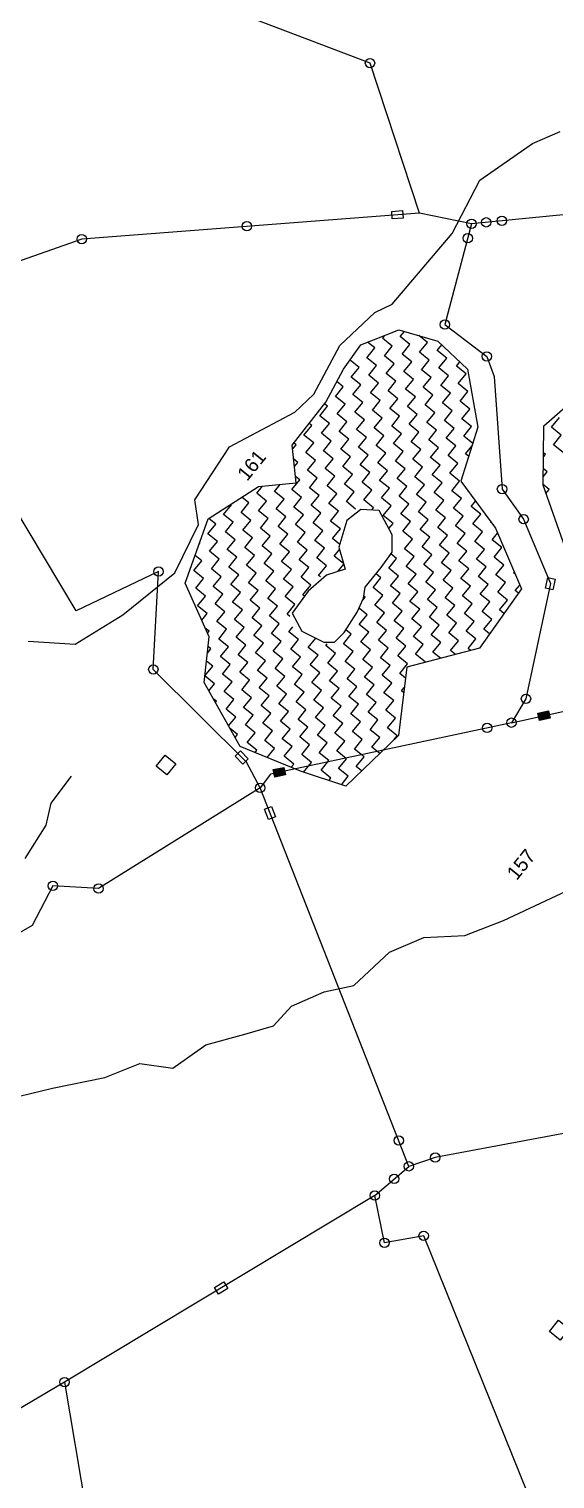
# Model space of a CAD drawing. Header units: metres. Extents: x 303647 to 308666, y 1943822 to 1947889.
# Drawn here: x 305615 to 305951, y 1946376 to 1947301 of the extents above; entities that cross this region are included whole.
import ezdxf

# ---------------------------------------------------------------- set-up
doc = ezdxf.new("R2010")
doc.units = ezdxf.units.M
for name, color, linetype in [('LINE_WATER', 4, 'Continuous'), ('OTHERS', 1, 'Continuous'), ('POLY_HATCH', 12, 'Continuous'), ('POLY_PARCEL', 6, 'Continuous'), ('TEXT_PARCEL', 7, 'Continuous')]:
    doc.layers.add(name, color=color, linetype=linetype)
doc.styles.add('TEXT_MAP', font='')
doc.styles.get('TEXT_MAP').set_extended_font_data('Kruti Dev 050')

msp = doc.modelspace()

# ---------------------------------------------------------------- hatches: boundary and pattern name
for points in [[(305939.82, 1946864.86), (305940.85, 1946860.15), (305947.67, 1946861.63), (305946.64, 1946866.35)], [(305770.95, 1946828.74), (305771.95, 1946824.02), (305778.78, 1946825.48), (305777.77, 1946830.2)]]:
    msp.add_hatch(color=256).paths.add_polyline_path(points)

# ---------------------------------------------------------------- linework, layer by layer
for points in [[(305853.85, 1947180.78), (305846.9, 1947180.24), (305846.53, 1947185.06), (305853.48, 1947185.59)], [(305950.85, 1946950.4), (305949.4, 1946943.58), (305944.68, 1946944.58), (305946.12, 1946951.4)], [(305947.67, 1946861.63), (305940.85, 1946860.15), (305939.82, 1946864.86), (305946.64, 1946866.35)], [(305751.65, 1946832.33), (305746.7, 1946837.25), (305750.11, 1946840.67), (305755.05, 1946835.74)], [(305778.78, 1946825.48), (305771.95, 1946824.02), (305770.95, 1946828.74), (305777.77, 1946830.2)], [(305767.91, 1946796.96), (305765.36, 1946803.45), (305769.85, 1946805.22), (305772.41, 1946798.72)], [(305741.95, 1946497.67), (305735.97, 1946494.07), (305733.48, 1946498.21), (305739.46, 1946501.8)]]:
    msp.add_lwpolyline(points, close=True)
for centre in [(305832.71, 1947279.69), (305754.17, 1947175.52), (305897.46, 1947177.13), (305906.88, 1947178.06), (305916.82, 1947179.05), (305648.83, 1947167.4), (305895.03, 1947167.92), (305880.47, 1947112.81), (305907.19, 1947092.46), (305916.92, 1947007.79), (305930.72, 1946988.55), (305697.81, 1946955.17), (305694.49, 1946892.73), (305932.21, 1946873.97), (305922.95, 1946858.72), (305907.39, 1946855.4), (305762.58, 1946817.12), (305630.47, 1946754.63), (305659.54, 1946752.81), (305851.03, 1946592.05), (305874.36, 1946581.18), (305857.51, 1946575.56), (305848.13, 1946567.52), (305835.72, 1946556.87), (305841.87, 1946526.8), (305866.95, 1946531.25), (305637.87, 1946437.9)]:
    msp.add_circle(centre, 2.99)
at = {"layer": 'LINE_WATER'}
for p, q in [((305936.39, 1947228.43), (305954.1, 1947236.13)), ((305902.79, 1947205.06), (305936.39, 1947228.43)), ((305885.09, 1947170.88), (305902.79, 1947205.06)), ((305846.91, 1947125.8), (305885.09, 1947170.88)), ((305813.4, 1947099.52), (305835.77, 1947120.55)), ((305835.77, 1947120.55), (305846.91, 1947125.8)), ((305796.95, 1947068.39), (305813.4, 1947099.52)), ((305784.69, 1947056.98), (305796.95, 1947068.39)), ((305743.18, 1947034.73), (305784.69, 1947056.98)), ((305720.97, 1947000.86), (305743.18, 1947034.73)), ((305723.24, 1946985.28), (305720.97, 1947000.86)), ((305708.14, 1946954.28), (305723.24, 1946985.28)), ((305675.03, 1946927.5), (305708.14, 1946954.28)), ((305644.66, 1946908.9), (305675.03, 1946927.5)), ((305614.69, 1946910.79), (305644.66, 1946908.9)), ((305629.43, 1946807.27), (305642.28, 1946824.68)), ((305626.16, 1946793.23), (305629.43, 1946807.27)), ((305612.76, 1946771.98), (305626.16, 1946793.23)), ((305917.78, 1946732.51), (305958.35, 1946751.39)), ((305893.26, 1946722.86), (305917.78, 1946732.51)), ((305845.23, 1946712.17), (305866.94, 1946721.53)), ((305866.94, 1946721.53), (305893.26, 1946722.86)), ((305822.39, 1946690.88), (305845.23, 1946712.17)), ((305782.65, 1946677.75), (305803.42, 1946687.01)), ((305803.42, 1946687.01), (305822.39, 1946690.88)), ((305771.18, 1946665.21), (305782.65, 1946677.75)), ((305728.02, 1946653.14), (305752.83, 1946659.99)), ((305752.83, 1946659.99), (305771.18, 1946665.21)), ((305706.89, 1946638.18), (305728.02, 1946653.14)), ((305663.57, 1946632.23), (305685.79, 1946641.17)), ((305685.79, 1946641.17), (305706.89, 1946638.18)), ((305630.25, 1946625.45), (305663.57, 1946632.23)), ((305609.04, 1946620.39), (305630.25, 1946625.45))]:
    msp.add_line(p, q, dxfattribs=at)
at = {"layer": 'OTHERS'}
for points in [[(305696.22, 1946830.89), (305701.94, 1946837.94), (305708.76, 1946832.4), (305703.04, 1946825.36)], [(305947.27, 1946470.25), (305952.98, 1946477.3), (305959.8, 1946471.76), (305954.09, 1946464.72)]]:
    msp.add_lwpolyline(points, close=True, dxfattribs=at)
at = {"layer": 'POLY_HATCH'}
for p, q in [((305826.86, 1947099.8), (305851.03, 1947109.52)), ((305851.03, 1947109.52), (305876.06, 1947102.24)), ((305876.06, 1947102.24), (305894.98, 1947084.43)), ((305815.87, 1947084.26), (305826.86, 1947099.8)), ((305804.55, 1947063.3), (305815.87, 1947084.26)), ((305894.98, 1947084.43), (305901.51, 1947047.35)), ((305943.68, 1947048.16), (305975, 1947075.71)), ((305783.11, 1947035.88), (305804.55, 1947063.3)), ((305901.51, 1947047.35), (305890.67, 1947012.94)), ((305943.09, 1947010.33), (305943.68, 1947048.16)), ((305785.59, 1947011.86), (305783.11, 1947035.88)), ((305729.51, 1946988.91), (305761.57, 1947009.35)), ((305761.57, 1947009.35), (305785.59, 1947011.86)), ((305890.67, 1947012.94), (305912.66, 1946982.87)), ((305957.1, 1946970.43), (305943.09, 1947010.33)), ((305826.89, 1946994.85), (305817.86, 1946987.81)), ((305838.55, 1946994.24), (305826.89, 1946994.85)), ((305846.88, 1946978.63), (305838.55, 1946994.24)), ((305714.87, 1946947.81), (305729.51, 1946988.91)), ((305817.86, 1946987.81), (305812.91, 1946970.83)), ((305912.66, 1946982.87), (305929.25, 1946944.14)), ((305846.79, 1946967.64), (305846.88, 1946978.63)), ((305812.91, 1946970.83), (305816.83, 1946956.59)), ((305839.89, 1946957.77), (305846.79, 1946967.64)), ((305805.01, 1946952.92), (305793.27, 1946942.55)), ((305816.83, 1946956.59), (305805.01, 1946952.92)), ((305829.61, 1946945.11), (305839.89, 1946957.77)), ((305730.11, 1946913.44), (305714.87, 1946947.81)), ((305828.49, 1946938.29), (305829.61, 1946945.11)), ((305929.25, 1946944.14), (305902.59, 1946906.28)), ((305793.27, 1946942.55), (305783.12, 1946928.68)), ((305824.53, 1946929.33), (305828.49, 1946938.29)), ((305783.12, 1946928.68), (305789.2, 1946917.11)), ((305816.13, 1946916.26), (305824.53, 1946929.33)), ((305789.2, 1946917.11), (305803.35, 1946910.05)), ((305810.05, 1946910.13), (305816.13, 1946916.26)), ((305726.82, 1946884.32), (305730.11, 1946913.44)), ((305803.35, 1946910.05), (305810.05, 1946910.13)), ((305902.59, 1946906.28), (305856.17, 1946894.24)), ((305856.17, 1946894.24), (305850.8, 1946850.51)), ((305749.91, 1946843.57), (305726.82, 1946884.32)), ((305788.41, 1946827.8), (305749.91, 1946843.57)), ((305850.8, 1946850.51), (305817.27, 1946818.23)), ((305817.27, 1946818.23), (305788.41, 1946827.8))]:
    msp.add_line(p, q, dxfattribs=at)
at = {"layer": 'POLY_HATCH', "linetype": 'Continuous'}
for p, q in [((305835.75, 1947097.86), (305831.21, 1947101.55)), ((305840.76, 1947104.04), (305842.39, 1947106.04)), ((305846.94, 1947099.02), (305840.76, 1947104.04)), ((305851.96, 1947105.2), (305854.61, 1947108.47)), ((305858.14, 1947100.19), (305851.96, 1947105.2)), ((305869.33, 1947101.35), (305863.87, 1947105.78)), ((305864.32, 1947095.17), (305869.33, 1947101.35)), ((305830.73, 1947091.68), (305835.75, 1947097.86)), ((305836.91, 1947086.67), (305830.73, 1947091.68)), ((305841.93, 1947092.84), (305846.94, 1947099.02)), ((305848.11, 1947087.83), (305841.93, 1947092.84)), ((305853.12, 1947094.01), (305858.14, 1947100.19)), ((305859.3, 1947088.99), (305853.12, 1947094.01)), ((305870.5, 1947090.15), (305864.32, 1947095.17)), ((305875.51, 1947096.33), (305878.47, 1947099.97)), ((305881.69, 1947091.32), (305875.51, 1947096.33)), ((305876.68, 1947085.14), (305881.69, 1947091.32)), ((305825.71, 1947085.5), (305820.02, 1947090.13)), ((305820.7, 1947079.32), (305825.71, 1947085.5)), ((305831.89, 1947080.49), (305836.91, 1947086.67)), ((305843.09, 1947081.65), (305848.11, 1947087.83)), ((305854.28, 1947082.81), (305859.3, 1947088.99)), ((305860.46, 1947077.8), (305854.28, 1947082.81)), ((305865.48, 1947083.97), (305870.5, 1947090.15)), ((305871.66, 1947078.96), (305865.48, 1947083.97)), ((305882.85, 1947080.12), (305876.68, 1947085.14)), ((305887.87, 1947086.3), (305890.09, 1947089.03)), ((305894.05, 1947081.28), (305887.87, 1947086.3)), ((305810.67, 1947066.96), (305815.68, 1947073.14)), ((305815.68, 1947073.14), (305811.64, 1947076.42)), ((305826.88, 1947074.31), (305820.7, 1947079.32)), ((305821.86, 1947068.13), (305826.88, 1947074.31)), ((305838.07, 1947075.47), (305831.89, 1947080.49)), ((305833.06, 1947069.29), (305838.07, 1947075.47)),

• [ASSIGNMENT]:
Give back exactly the lines above starting at the line where "msp = doc.modelspace()" appears and ending at the line where "msp.add_lwpolyline(points, close=True)" appears, both included, with no other lines.

• [YOUR SOLUTION]:
msp = doc.modelspace()

# ---------------------------------------------------------------- hatches: boundary and pattern name
for points in [[(305939.82, 1946864.86), (305940.85, 1946860.15), (305947.67, 1946861.63), (305946.64, 1946866.35)], [(305770.95, 1946828.74), (305771.95, 1946824.02), (305778.78, 1946825.48), (305777.77, 1946830.2)]]:
    msp.add_hatch(color=256).paths.add_polyline_path(points)

# ---------------------------------------------------------------- linework, layer by layer
for points in [[(305853.85, 1947180.78), (305846.9, 1947180.24), (305846.53, 1947185.06), (305853.48, 1947185.59)], [(305950.85, 1946950.4), (305949.4, 1946943.58), (305944.68, 1946944.58), (305946.12, 1946951.4)], [(305947.67, 1946861.63), (305940.85, 1946860.15), (305939.82, 1946864.86), (305946.64, 1946866.35)], [(305751.65, 1946832.33), (305746.7, 1946837.25), (305750.11, 1946840.67), (305755.05, 1946835.74)], [(305778.78, 1946825.48), (305771.95, 1946824.02), (305770.95, 1946828.74), (305777.77, 1946830.2)], [(305767.91, 1946796.96), (305765.36, 1946803.45), (305769.85, 1946805.22), (305772.41, 1946798.72)], [(305741.95, 1946497.67), (305735.97, 1946494.07), (305733.48, 1946498.21), (305739.46, 1946501.8)]]:
    msp.add_lwpolyline(points, close=True)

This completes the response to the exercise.